ACTIVITY → Go through the entries, filter for the word "part", and copy every line that has it.

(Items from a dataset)
****

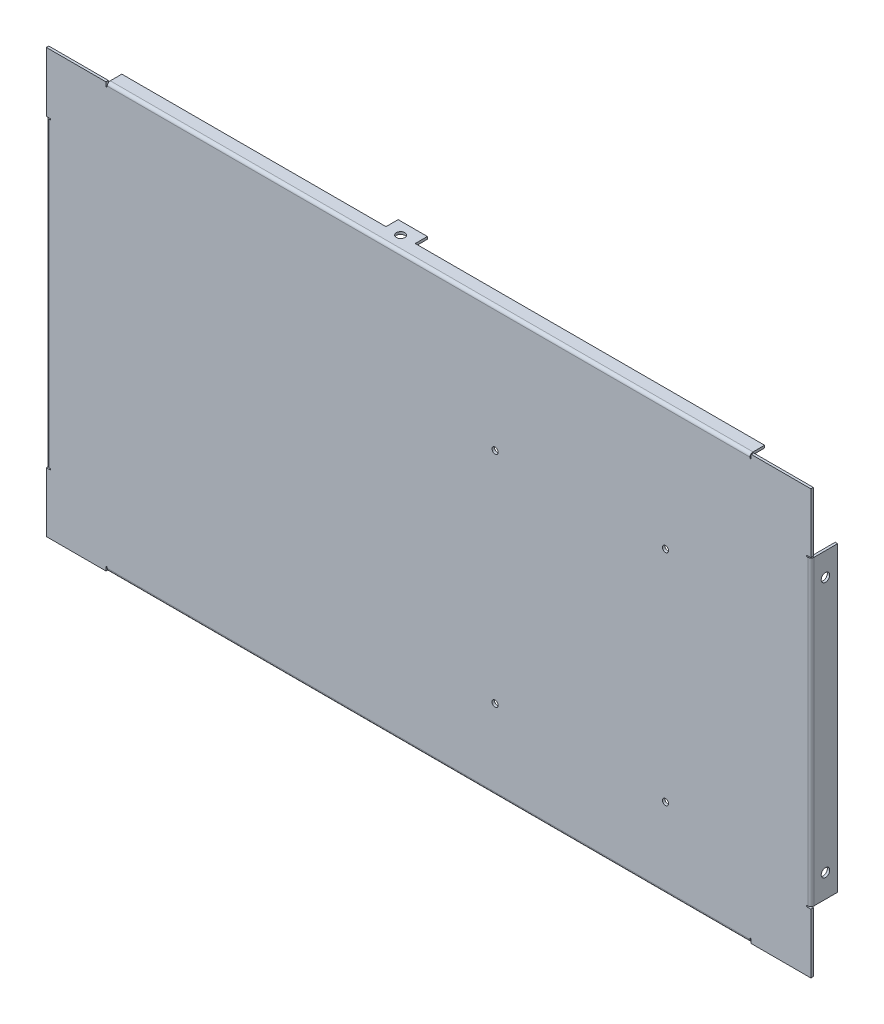
from build123d import *

# Parameters (mm, degrees)
SKETCH_1_W                        = 628
SKETCH_1_H                        = 348
SM_BASE_FLANGE_1_DEPTH            = 2
SM_EDGE_FLANGE_1_STRIP_W          = 9
SM_EDGE_FLANGE_1_STRIP_H          = 2
SM_EDGE_FLANGE_1_STRIP_CUT_DEPTH  = 248
SM_EDGE_FLANGE_1_RELIEF_W         = 10
SM_EDGE_FLANGE_1_RELIEF_H         = 1
SM_EDGE_FLANGE_1_RELIEF_CUT_DEPTH = 2
SM_EDGE_FLANGE_1_DEPTH            = 248
SM_EDGE_FLANGE_2_STRIP_W          = 9
SM_EDGE_FLANGE_2_STRIP_H          = 2
SM_EDGE_FLANGE_2_STRIP_CUT_DEPTH  = 528
SM_EDGE_FLANGE_2_RELIEF_W         = 10
SM_EDGE_FLANGE_2_RELIEF_H         = 1
SM_EDGE_FLANGE_2_RELIEF_CUT_DEPTH = 2
SM_EDGE_FLANGE_2_DEPTH            = 528
SM_EDGE_FLANGE_2_FLAT_DEPTH       = 2
SM_EDGE_FLANGE_3_STRIP_W          = 9
SM_EDGE_FLANGE_3_STRIP_H          = 2
SM_EDGE_FLANGE_3_STRIP_CUT_DEPTH  = 248
SM_EDGE_FLANGE_3_RELIEF_W         = 10
SM_EDGE_FLANGE_3_RELIEF_H         = 1
SM_EDGE_FLANGE_3_RELIEF_CUT_DEPTH = 2
SM_EDGE_FLANGE_3_DEPTH            = 248
SM_EDGE_FLANGE_4_STRIP_W          = 9
SM_EDGE_FLANGE_4_STRIP_H          = 2
SM_EDGE_FLANGE_4_STRIP_CUT_DEPTH  = 528
SM_EDGE_FLANGE_4_RELIEF_W         = 10
SM_EDGE_FLANGE_4_RELIEF_H         = 1
SM_EDGE_FLANGE_4_RELIEF_CUT_DEPTH = 2
SM_EDGE_FLANGE_4_DEPTH            = 528
SKETCH_15_R                       = 3.5
CUT_EXTRUDE_1_DEPTH               = 653.030674125
CUT_EXTRUDE_2_REACH               = 469.756
SKETCH_16_R                       = 3.5
HOLE_WIZARD_M6_1_D                = 5
HOLE_WIZARD_M6_1_DEPTH            = 15
HOLE_WIZARD_M6_1_TIP              = 1.502151548
CUT_EXTRUDE_3_REACH               = 471.238
SKETCH_20_R                       = 3.5


# Sheet-metal steps are written as plain solids
with BuildPart() as part:
    # Sketch 1 → 基体-法兰1 (new body)
    with BuildSketch(Plane.XY):
        Rectangle(SKETCH_1_W, SKETCH_1_H)
    extrude(amount=-SM_BASE_FLANGE_1_DEPTH)

    # 边线-法兰1 strip (across the edge) → 边线-法兰1 strip cut (cut)
    with BuildSketch(Plane(origin=(314, 124, -2), x_dir=(-1, 0, 0), z_dir=(0, -1, 0))):
        with Locations((-2, -1)):
            Rectangle(SM_EDGE_FLANGE_1_STRIP_W, SM_EDGE_FLANGE_1_STRIP_H)
    extrude(amount=SM_EDGE_FLANGE_1_STRIP_CUT_DEPTH, mode=Mode.SUBTRACT)

    # 边线-法兰1 relief (on the sheet) → 边线-法兰1 relief cut (cut)
    with BuildSketch(Plane(origin=(311.5, 124, -2), x_dir=(-1, 0, 0), z_dir=(0, 0, -1))):
        with Locations((-4, 0.5)):
            Rectangle(SM_EDGE_FLANGE_1_RELIEF_W, SM_EDGE_FLANGE_1_RELIEF_H)
        with Locations((-4, -248.5)):
            Rectangle(SM_EDGE_FLANGE_1_RELIEF_W, SM_EDGE_FLANGE_1_RELIEF_H)
    extrude(amount=-SM_EDGE_FLANGE_1_RELIEF_CUT_DEPTH, mode=Mode.SUBTRACT)

    # 边线-法兰1 section (across the edge) → 边线-法兰1 (add)
    with BuildSketch(Plane(origin=(314, 124, -2), x_dir=(-1, 0, 0), z_dir=(0, -1, 0))):
        with BuildLine():
            Line((0, 0.5), (0, 20))
            Line((0, 20), (2, 20))
            Line((2, 20), (2, 0.5))
            ThreePointArc((2, 0.5), (2.146446609, 0.146446609), (2.5, 0))
            Line((2.5, 0), (2.5, -2))
            ThreePointArc((2.5, -2), (0.732233047, -1.267766953), (0, 0.5))
        make_face()
    extrude(amount=SM_EDGE_FLANGE_1_DEPTH)

    # 边线-法兰2 strip (across the edge) → 边线-法兰2 strip cut (cut)
    with BuildSketch(Plane(origin=(-264, 174, -2), x_dir=(0, -1, 0), z_dir=(1, 0, 0))):
        with Locations((-2, -1)):
            Rectangle(SM_EDGE_FLANGE_2_STRIP_W, SM_EDGE_FLANGE_2_STRIP_H)
    extrude(amount=SM_EDGE_FLANGE_2_STRIP_CUT_DEPTH, mode=Mode.SUBTRACT)

    # 边线-法兰2 relief (on the sheet) → 边线-法兰2 relief cut (cut)
    with BuildSketch(Plane(origin=(-264, 171.5, -2), x_dir=(0, -1, 0), z_dir=(0, 0, -1))):
        with Locations((-4, 0.5)):
            Rectangle(SM_EDGE_FLANGE_2_RELIEF_W, SM_EDGE_FLANGE_2_RELIEF_H)
        with Locations((-4, -528.5)):
            Rectangle(SM_EDGE_FLANGE_2_RELIEF_W, SM_EDGE_FLANGE_2_RELIEF_H)
    extrude(amount=-SM_EDGE_FLANGE_2_RELIEF_CUT_DEPTH, mode=Mode.SUBTRACT)

    # 边线-法兰2 bend section (across the edge) → 边线-法兰2 (add)
    with BuildSketch(Plane(origin=(-264, 174, -2), x_dir=(0, -1, 0), z_dir=(1, 0, 0))):
        with BuildLine():
            Line((0, 0.5), (2, 0.5))
            ThreePointArc((2, 0.5), (2.146446609, 0.146446609), (2.5, 0))
            Line((2.5, 0), (2.5, -2))
            ThreePointArc((2.5, -2), (0.732233047, -1.267766953), (0, 0.5))
        make_face()
    extrude(amount=SM_EDGE_FLANGE_2_DEPTH)

    # 边线-法兰2 profile (on flange) → 边线-法兰2 flat (add)
    with BuildSketch(Plane(origin=(0, 174, -2), x_dir=(1, 0, 0), z_dir=(0, 1, 0))):
        Polygon((264, 0.5), (264, 10), (-23, 10), (-23, 20), (-47, 20), (-47, 10), (-264, 10), (-264, 0.5), align=None)
    extrude(amount=-SM_EDGE_FLANGE_2_FLAT_DEPTH)

    # 边线-法兰3 strip (across the edge) → 边线-法兰3 strip cut (cut)
    with BuildSketch(Plane(origin=(-314, -124, -2), x_dir=(1, 0, 0), z_dir=(0, 1, 0))):
        with Locations((-2, -1)):
            Rectangle(SM_EDGE_FLANGE_3_STRIP_W, SM_EDGE_FLANGE_3_STRIP_H)
    extrude(amount=SM_EDGE_FLANGE_3_STRIP_CUT_DEPTH, mode=Mode.SUBTRACT)

    # 边线-法兰3 relief (on the sheet) → 边线-法兰3 relief cut (cut)
    with BuildSketch(Plane(origin=(-311.5, -124, -2), x_dir=(1, 0, 0), z_dir=(0, 0, -1))):
        with Locations((-4, 0.5)):
            Rectangle(SM_EDGE_FLANGE_3_RELIEF_W, SM_EDGE_FLANGE_3_RELIEF_H)
        with Locations((-4, -248.5)):
            Rectangle(SM_EDGE_FLANGE_3_RELIEF_W, SM_EDGE_FLANGE_3_RELIEF_H)
    extrude(amount=-SM_EDGE_FLANGE_3_RELIEF_CUT_DEPTH, mode=Mode.SUBTRACT)

    # 边线-法兰3 section (across the edge) → 边线-法兰3 (add)
    with BuildSketch(Plane(origin=(-314, -124, -2), x_dir=(1, 0, 0), z_dir=(0, 1, 0))):
        with BuildLine():
            Line((0, 0.5), (0, 20))
            Line((0, 20), (2, 20))
            Line((2, 20), (2, 0.5))
            ThreePointArc((2, 0.5), (2.146446609, 0.146446609), (2.5, 0))
            Line((2.5, 0), (2.5, -2))
            ThreePointArc((2.5, -2), (0.732233047, -1.267766953), (0, 0.5))
        make_face()
    extrude(amount=SM_EDGE_FLANGE_3_DEPTH)

    # 边线-法兰4 strip (across the edge) → 边线-法兰4 strip cut (cut)
    with BuildSketch(Plane(origin=(264, -174, -2), x_dir=(0, 1, 0), z_dir=(-1, 0, 0))):
        with Locations((-2, -1)):
            Rectangle(SM_EDGE_FLANGE_4_STRIP_W, SM_EDGE_FLANGE_4_STRIP_H)
    extrude(amount=SM_EDGE_FLANGE_4_STRIP_CUT_DEPTH, mode=Mode.SUBTRACT)

    # 边线-法兰4 relief (on the sheet) → 边线-法兰4 relief cut (cut)
    with BuildSketch(Plane(origin=(264, -171.5, -2), x_dir=(0, 1, 0), z_dir=(0, 0, -1))):
        with Locations((-4, 0.5)):
            Rectangle(SM_EDGE_FLANGE_4_RELIEF_W, SM_EDGE_FLANGE_4_RELIEF_H)
        with Locations((-4, -528.5)):
            Rectangle(SM_EDGE_FLANGE_4_RELIEF_W, SM_EDGE_FLANGE_4_RELIEF_H)
    extrude(amount=-SM_EDGE_FLANGE_4_RELIEF_CUT_DEPTH, mode=Mode.SUBTRACT)

    # 边线-法兰4 section (across the edge) → 边线-法兰4 (add)
    with BuildSketch(Plane(origin=(264, -174, -2), x_dir=(0, 1, 0), z_dir=(-1, 0, 0))):
        with BuildLine():
            Line((0, 0.5), (0, 20))
            Line((0, 20), (2, 20))
            Line((2, 20), (2, 0.5))
            ThreePointArc((2, 0.5), (2.146446609, 0.146446609), (2.5, 0))
            Line((2.5, 0), (2.5, -2))
            ThreePointArc((2.5, -2), (0.732233047, -1.267766953), (0, 0.5))
        make_face()
    extrude(amount=SM_EDGE_FLANGE_4_DEPTH)

    # 草图15 → 切除-拉伸1 (cut, through all)
    with BuildSketch(Plane(origin=(314, 0, 0), x_dir=(0, 0, -1), z_dir=(1, 0, 0))):
        with Locations((12, -105)):
            Circle(SKETCH_15_R)
        with Locations((12, 105)):
            Circle(SKETCH_15_R)
    extrude(amount=-CUT_EXTRUDE_1_DEPTH, mode=Mode.SUBTRACT)

    # 草图16 → 切除-拉伸2 (cut, up to next)
    with BuildSketch(Plane.XZ.offset(-172), mode=Mode.PRIVATE) as cut_extrude_2_sk1:
        with Locations(Location((-35, -12, 0), (0, 0, 270))):
            Circle(SKETCH_16_R)
    cut_extrude_2_tool1 = extrude(cut_extrude_2_sk1.sketch, amount=-CUT_EXTRUDE_2_REACH, mode=Mode.PRIVATE) & part.part
    add(cut_extrude_2_tool1.solids().sort_by_distance((-35, 172, -12))[0], mode=Mode.SUBTRACT)

    # M6 螺纹孔1
    with Locations(Plane(origin=(0, 0, -2), x_dir=(-1, 0, 0), z_dir=(0, 0, -1))):
        with Locations((-194.6, 71.5), (-54.6, 71.5), (-54.6, -108.5), (-194.6, -108.5)):
            Hole(HOLE_WIZARD_M6_1_D / 2, depth=HOLE_WIZARD_M6_1_DEPTH)
            with Locations((0, 0, -(HOLE_WIZARD_M6_1_DEPTH + HOLE_WIZARD_M6_1_TIP / 2))):  # 118° drill point
                Cone(0, HOLE_WIZARD_M6_1_D / 2, HOLE_WIZARD_M6_1_TIP, mode=Mode.SUBTRACT)

    # 草图20 → 切除-拉伸3 (cut, up to next)
    with BuildSketch(Plane.XZ.offset(174), mode=Mode.PRIVATE) as cut_extrude_3_sk1:
        with Locations(Location((0, -12, 0), (0, 0, 270))):
            Circle(SKETCH_20_R)
    cut_extrude_3_tool1 = extrude(cut_extrude_3_sk1.sketch, amount=-CUT_EXTRUDE_3_REACH, mode=Mode.PRIVATE) & part.part
    # 草图20 → 切除-拉伸3 (cut, up to next)
    with BuildSketch(Plane.XZ.offset(174), mode=Mode.PRIVATE) as cut_extrude_3_sk2:
        with Locations(Location((-250, -12, 0), (0, 0, 270))):
            Circle(SKETCH_20_R)
    cut_extrude_3_tool2 = extrude(cut_extrude_3_sk2.sketch, amount=-CUT_EXTRUDE_3_REACH, mode=Mode.PRIVATE) & part.part
    # 草图20 → 切除-拉伸3 (cut, up to next)
    with BuildSketch(Plane.XZ.offset(174), mode=Mode.PRIVATE) as cut_extrude_3_sk3:
        with Locations(Location((250, -12, 0), (0, 0, 270))):
            Circle(SKETCH_20_R)
    cut_extrude_3_tool3 = extrude(cut_extrude_3_sk3.sketch, amount=-CUT_EXTRUDE_3_REACH, mode=Mode.PRIVATE) & part.part
    add(cut_extrude_3_tool1.solids().sort_by_distance((0, -174, -12))[0], mode=Mode.SUBTRACT)
    add(cut_extrude_3_tool2.solids().sort_by_distance((-250, -174, -12))[0], mode=Mode.SUBTRACT)
    add(cut_extrude_3_tool3.solids().sort_by_distance((250, -174, -12))[0], mode=Mode.SUBTRACT)


solid = part.part

****

TASK SOLUTION →
with BuildPart() as part:
    cut_extrude_2_tool1 = extrude(cut_extrude_2_sk1.sketch, amount=-CUT_EXTRUDE_2_REACH, mode=Mode.PRIVATE) & part.part
    cut_extrude_3_tool1 = extrude(cut_extrude_3_sk1.sketch, amount=-CUT_EXTRUDE_3_REACH, mode=Mode.PRIVATE) & part.part
    cut_extrude_3_tool2 = extrude(cut_extrude_3_sk2.sketch, amount=-CUT_EXTRUDE_3_REACH, mode=Mode.PRIVATE) & part.part
    cut_extrude_3_tool3 = extrude(cut_extrude_3_sk3.sketch, amount=-CUT_EXTRUDE_3_REACH, mode=Mode.PRIVATE) & part.part
solid = part.part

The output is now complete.